Following the standard dialogue setting, we considered our task as a response selection task and employed traditional information retrieval evaluation methods, including recall at position 1 in 4 candidates (R@1), recall at position 2 in 4 candidates (R@2), and the Mean Reciprocal Rank (MRR).
Experiments
As shown in Table 1, TF-IDF is only slightly better than random guessing, which indicates that there is no obvious statistical clue between context and positive response. All models performed significantly worse than on other popular conversation datasets. We can see that well-designed matching models, such as SMN and DAM, did not deliver better performance than simple dual LSTM. Moreover, individual scoring methods and multi-choice methods showed similar results. Even the best performance model RoBERTa-base still lagged far behind human performance by 23 points on R@1.
On MuTual plus, all models performed worse on MuTual, which is consistent with our assumption. We found that the performance of the multi-choice method is significantly better than the individual scoring method. One possible explanation is that multi-choice methods consider candidates together, so they can distinguish whether or not the safe response is the best one.
It is interesting that the performance of RoBERTa does not decrease significantly with an increase in the number of turns, which is different than the phenomenon observed with other datasets, indicating that reasoning problems do not become much harder when the context becomes longer. The results also show that the difficulty of MuTual is attributed to reasoning instead of complex conversation history.
Instances that involve numerical reasoning and intent speculation show poor performance. These two reasoning types heavily depend on commonsense reasoning. Take Figure 4 as an example: it takes a simple subtraction to derive the time difference (5:00 pm – 6h = 11:00 am), but this turned out to be a significant challenge for RoBERTa-MC. In the second case, RoBERTa-MC failed to infer the dialogue situation, where the goal is to find a flat to rent.
We further verified whether MuTual requires multi-turn understanding or if it degenerates into a single turn reasoning problem.

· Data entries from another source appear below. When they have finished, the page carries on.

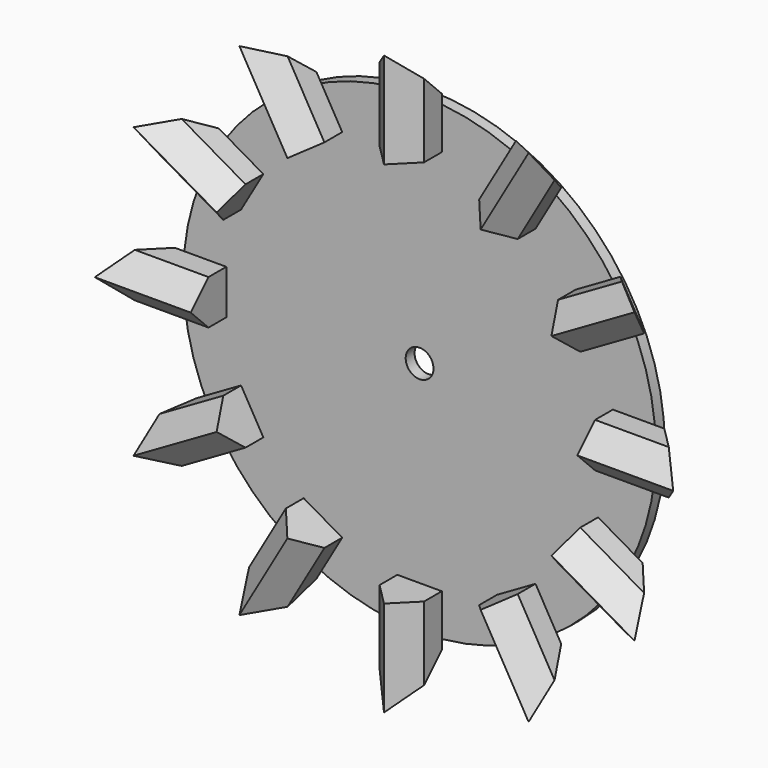
from build123d import *

# Parameters (mm, degrees)
F1_W     = 10.16
F1_H     = 21.9076174819
F2_DEPTH = 10.16
F3_SIZE  = 5.07999
F4_SIZE  = 10.15999
F5_COUNT = 12
F0_R     = 53.975
F6_DEPTH = 2.54
F7_R     = 3.175
F8_DEPTH = 25.4


# Not quite as in the source:
# - a fillet or chamfer is up to 0.001 mm smaller than in the source, because OpenCascade refuses the exact size


with BuildPart() as f2:
    # F1 (on face) → F2 (new body)
    with BuildSketch(Plane.XZ):
        with Locations((0, 55.101165548)):
            Rectangle(F1_W, F1_H)
    extrude(amount=F2_DEPTH)

    # F3 (size 5.08 in the source; OpenCascade refuses exactly that, so slightly less here)
    f3_edges = [f2.edges().sort_by_distance(p)[0] for p in [
        (-5.08, -10.16, 55.101166),
        (5.08, -10.16, 55.101166),
    ]]
    chamfer(f3_edges, length=F3_SIZE)

    # F4 (size 10.16 in the source; OpenCascade refuses exactly that, so slightly less here)
    f4_edges = [f2.edges().sort_by_distance(p)[0] for p in [
        (0, 0, 66.054974),
    ]]
    chamfer(f4_edges, length=F4_SIZE)


with BuildPart() as f5_1:
    # F5: instance of F2
    add(f2.part.rotate(Axis((0, 0, 0), (0, -1, 0)), 1 * 360 / F5_COUNT))


with BuildPart() as f5_2:
    # F5: instance of F2
    add(f2.part.rotate(Axis((0, 0, 0), (0, -1, 0)), 2 * 360 / F5_COUNT))


with BuildPart() as f5_3:
    # F5: instance of F2
    add(f2.part.rotate(Axis((0, 0, 0), (0, -1, 0)), 3 * 360 / F5_COUNT))


with BuildPart() as f5_4:
    # F5: instance of F2
    add(f2.part.rotate(Axis((0, 0, 0), (0, -1, 0)), 4 * 360 / F5_COUNT))


with BuildPart() as f5_5:
    # F5: instance of F2
    add(f2.part.rotate(Axis((0, 0, 0), (0, -1, 0)), 5 * 360 / F5_COUNT))


with BuildPart() as f5_6:
    # F5: instance of F2
    add(f2.part.rotate(Axis((0, 0, 0), (0, -1, 0)), 6 * 360 / F5_COUNT))


with BuildPart() as f5_7:
    # F5: instance of F2
    add(f2.part.rotate(Axis((0, 0, 0), (0, -1, 0)), 7 * 360 / F5_COUNT))


with BuildPart() as f5_8:
    # F5: instance of F2
    add(f2.part.rotate(Axis((0, 0, 0), (0, -1, 0)), 8 * 360 / F5_COUNT))


with BuildPart() as f5_9:
    # F5: instance of F2
    add(f2.part.rotate(Axis((0, 0, 0), (0, -1, 0)), 9 * 360 / F5_COUNT))


with BuildPart() as f5_10:
    # F5: instance of F2
    add(f2.part.rotate(Axis((0, 0, 0), (0, -1, 0)), 10 * 360 / F5_COUNT))


with BuildPart() as f5_11:
    # F5: instance of F2
    add(f2.part.rotate(Axis((0, 0, 0), (0, -1, 0)), 11 * 360 / F5_COUNT))


with BuildPart() as f6:
    # F0 (on Front) → F6 (new body)
    with BuildSketch(Plane.XZ):
        Circle(F0_R)
    extrude(amount=-F6_DEPTH)

    # F7 (on face) → F8 (cut)
    with BuildSketch(Plane.XZ):
        Circle(F7_R)
    extrude(amount=-F8_DEPTH, mode=Mode.SUBTRACT)


solid = Compound([f2.part, f5_1.part, f5_2.part, f5_3.part, f5_4.part, f5_5.part, f5_6.part, f5_7.part, f5_8.part, f5_9.part, f5_10.part, f5_11.part, f6.part])

We evaluated Roberta and Roberta-MC performance with some utterances manually removed. As the ablation utterance increases, the performance of RoBERTa and RoBERTa-MC significantly decreases, indicating the importance of each utterance and the quality of the dataset.
Conclusion
With the great success of deep learning techniques, chatbots are able to yield relevant and fluent responses. But chatbots still show unsatisfactory practical performance. This is because current chatbots do not have strong reasoning skills. To evaluate reasoning ability in chatbots directly, we released MuTual, which is the first reasoning-based dataset for multi-turn dialogue. We hope that MuTual can facilitate future research on multi-turn conversation reasoning problems.